[[ DATA SHOWN, beginning ]]

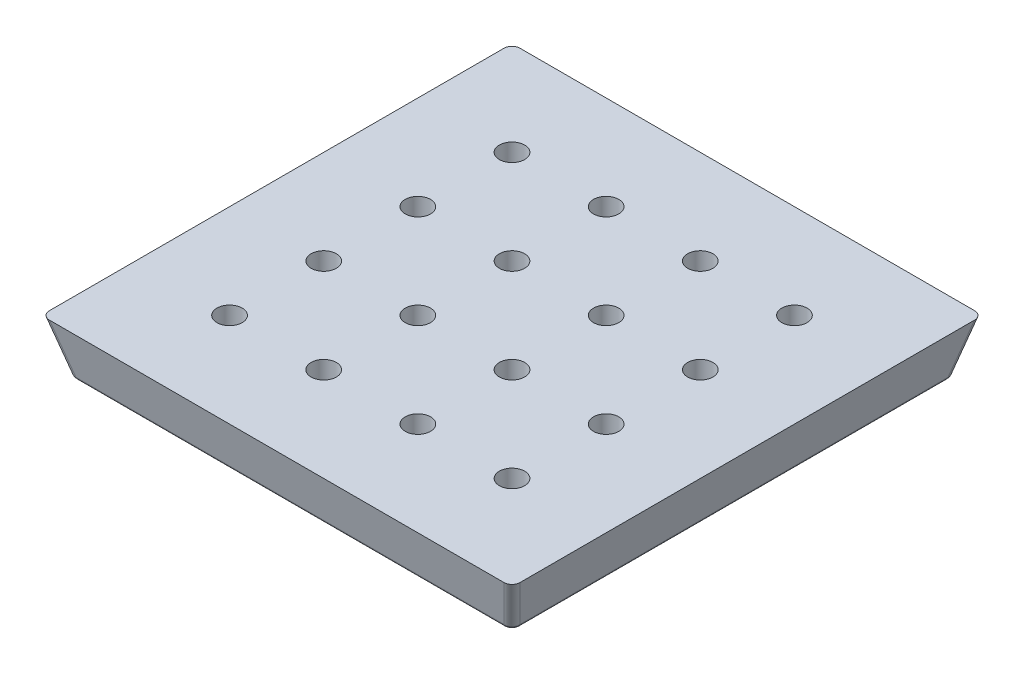
from build123d import *

# Parameters (mm, degrees)
SKETCH1_W           = 266.7
SKETCH1_H           = 266.7
BOSS_EXTRUDE1_DEPTH = 31.75
BOSS_EXTRUDE1_DRAFT = -15
SKETCH3_R           = 3.048
CUT_EXTRUDE1_DEPTH  = 31.75
SKETCH4_R           = 7.62
CUT_EXTRUDE2_DEPTH  = 12.7
FILLET1_R           = 5.08
FILLET2_R           = 2.54


with BuildPart() as part:
    # Sketch1 → Boss-Extrude1 (with draft: the straight prism first)
    with BuildSketch(Plane(origin=(0, 0, 0), x_dir=(1, 0, 0), z_dir=(0, 1, 0))):
        with Locations((133.35, 133.35)):
            Rectangle(SKETCH1_W, SKETCH1_H)
    extrude(amount=BOSS_EXTRUDE1_DEPTH)
    # Boss-Extrude1: the draft: its side faces are tilted about the plane it starts from
    boss_extrude1_sides = [part.faces().sort_by_distance(p)[0] for p in [
        (133.35, 15.875, 0),
        (266.7, 15.875, -133.35),
        (133.35, 15.875, -266.7),
        (0, 15.875, -133.35),
    ]]
    draft(boss_extrude1_sides, Plane(origin=(0, 0, 0), x_dir=(1, 0, 0), z_dir=(0, 1, 0)), BOSS_EXTRUDE1_DRAFT)

    # Sketch3 → Cut-Extrude1 (cut)
    with BuildSketch(Plane(origin=(0, 31.75, 0), x_dir=(1, 0, 0), z_dir=(0, 1, 0))):
        with Locations(Location((48.23621314, 48.23621314, 0), (0, 0, 270))):
            Circle(SKETCH3_R)
        with Locations(Location((104.97981314, 48.23621314, 0), (0, 0, 270))):
            Circle(SKETCH3_R)
        with Locations(Location((161.72341314, 48.23621314, 0), (0, 0, 270))):
            Circle(SKETCH3_R)
        with Locations(Location((218.46701314, 48.23621314, 0), (0, 0, 270))):
            Circle(SKETCH3_R)
        with Locations(Location((104.97981314, 104.97981314, 0), (0, 0, 270))):
            Circle(SKETCH3_R)
        with Locations(Location((161.72341314, 104.97981314, 0), (0, 0, 270))):
            Circle(SKETCH3_R)
        with Locations(Location((218.46701314, 104.97981314, 0), (0, 0, 270))):
            Circle(SKETCH3_R)
        with Locations(Location((104.97981314, 161.72341314, 0), (0, 0, 270))):
            Circle(SKETCH3_R)
        with Locations(Location((161.72341314, 161.72341314, 0), (0, 0, 270))):
            Circle(SKETCH3_R)
        with Locations(Location((218.46701314, 161.72341314, 0), (0, 0, 270))):
            Circle(SKETCH3_R)
        with Locations(Location((104.97981314, 218.46701314, 0), (0, 0, 270))):
            Circle(SKETCH3_R)
        with Locations(Location((161.72341314, 218.46701314, 0), (0, 0, 270))):
            Circle(SKETCH3_R)
        with Locations(Location((218.46701314, 218.46701314, 0), (0, 0, 270))):
            Circle(SKETCH3_R)
        with Locations(Location((48.23621314, 104.97981314, 0), (0, 0, 270))):
            Circle(SKETCH3_R)
        with Locations(Location((48.23621314, 161.72341314, 0), (0, 0, 270))):
            Circle(SKETCH3_R)
        with Locations(Location((48.23621314, 218.46701314, 0), (0, 0, 270))):
            Circle(SKETCH3_R)
    extrude(amount=-CUT_EXTRUDE1_DEPTH, mode=Mode.SUBTRACT)

    # Sketch4 → Cut-Extrude2 (cut)
    with BuildSketch(Plane(origin=(0, 31.75, 0), x_dir=(1, 0, 0), z_dir=(0, 1, 0))):
        with Locations(Location((218.46701314, 48.23621314, 0), (0, 0, 270))):
            Circle(SKETCH4_R)
        with Locations(Location((161.72341314, 48.23621314, 0), (0, 0, 270))):
            Circle(SKETCH4_R)
        with Locations(Location((104.97981314, 48.23621314, 0), (0, 0, 270))):
            Circle(SKETCH4_R)
        with Locations(Location((48.23621314, 48.23621314, 0), (0, 0, 270))):
            Circle(SKETCH4_R)
        with Locations(Location((161.72341314, 104.97981314, 0), (0, 0, 270))):
            Circle(SKETCH4_R)
        with Locations(Location((104.97981314, 104.97981314, 0), (0, 0, 270))):
            Circle(SKETCH4_R)
        with Locations(Location((48.23621314, 104.97981314, 0), (0, 0, 270))):
            Circle(SKETCH4_R)
        with Locations(Location((161.72341314, 161.72341314, 0), (0, 0, 270))):
            Circle(SKETCH4_R)
        with Locations(Location((104.97981314, 161.72341314, 0), (0, 0, 270))):
            Circle(SKETCH4_R)
        with Locations(Location((48.23621314, 161.72341314, 0), (0, 0, 270))):
            Circle(SKETCH4_R)
        with Locations(Location((161.72341314, 218.46701314, 0), (0, 0, 270))):
            Circle(SKETCH4_R)
        with Locations(Location((104.97981314, 218.46701314, 0), (0, 0, 270))):
            Circle(SKETCH4_R)
        with Locations(Location((48.23621314, 218.46701314, 0), (0, 0, 270))):
            Circle(SKETCH4_R)
        with Locations(Location((218.46701314, 104.97981314, 0), (0, 0, 270))):
            Circle(SKETCH4_R)
        with Locations(Location((218.46701314, 161.72341314, 0), (0, 0, 270))):
            Circle(SKETCH4_R)
        with Locations(Location((218.46701314, 218.46701314, 0), (0, 0, 270))):
            Circle(SKETCH4_R)
    extrude(amount=-CUT_EXTRUDE2_DEPTH, mode=Mode.SUBTRACT)

    # Fillet1
    fillet1_edges = [part.edges().sort_by_distance(p)[0] for p in [
        (-4.25369343, 15.875, -270.95369343),
        (270.95369343, 15.875, -270.95369343),
        (270.95369343, 15.875, 4.25369343),
        (-4.25369343, 15.875, 4.25369343),
    ]]
    fillet(fillet1_edges, radius=FILLET1_R)

    # Fillet2
    fillet2_edges = [part.edges().sort_by_distance(p)[0] for p in [
        (0, 0, -133.35),
        (133.35, 0, -266.7),
        (266.7, 0, -133.35),
        (133.35, 0, 0),
        (1.417846965, 0, -1.417846965),
        (265.282153035, 0, -1.417846965),
        (265.282153035, 0, -265.282153035),
        (1.417846965, 0, -265.282153035),
    ]]
    fillet(fillet2_edges, radius=FILLET2_R)


solid = part.part

[[ DATA SHOWN, end ]]

Wherever the word "origin" appears in the data, return the whole line.

    with BuildSketch(Plane(origin=(0, 0, 0), x_dir=(1, 0, 0), z_dir=(0, 1, 0))):
    draft(boss_extrude1_sides, Plane(origin=(0, 0, 0), x_dir=(1, 0, 0), z_dir=(0, 1, 0)), BOSS_EXTRUDE1_DRAFT)
    with BuildSketch(Plane(origin=(0, 31.75, 0), x_dir=(1, 0, 0), z_dir=(0, 1, 0))):
    with BuildSketch(Plane(origin=(0, 31.75, 0), x_dir=(1, 0, 0), z_dir=(0, 1, 0))):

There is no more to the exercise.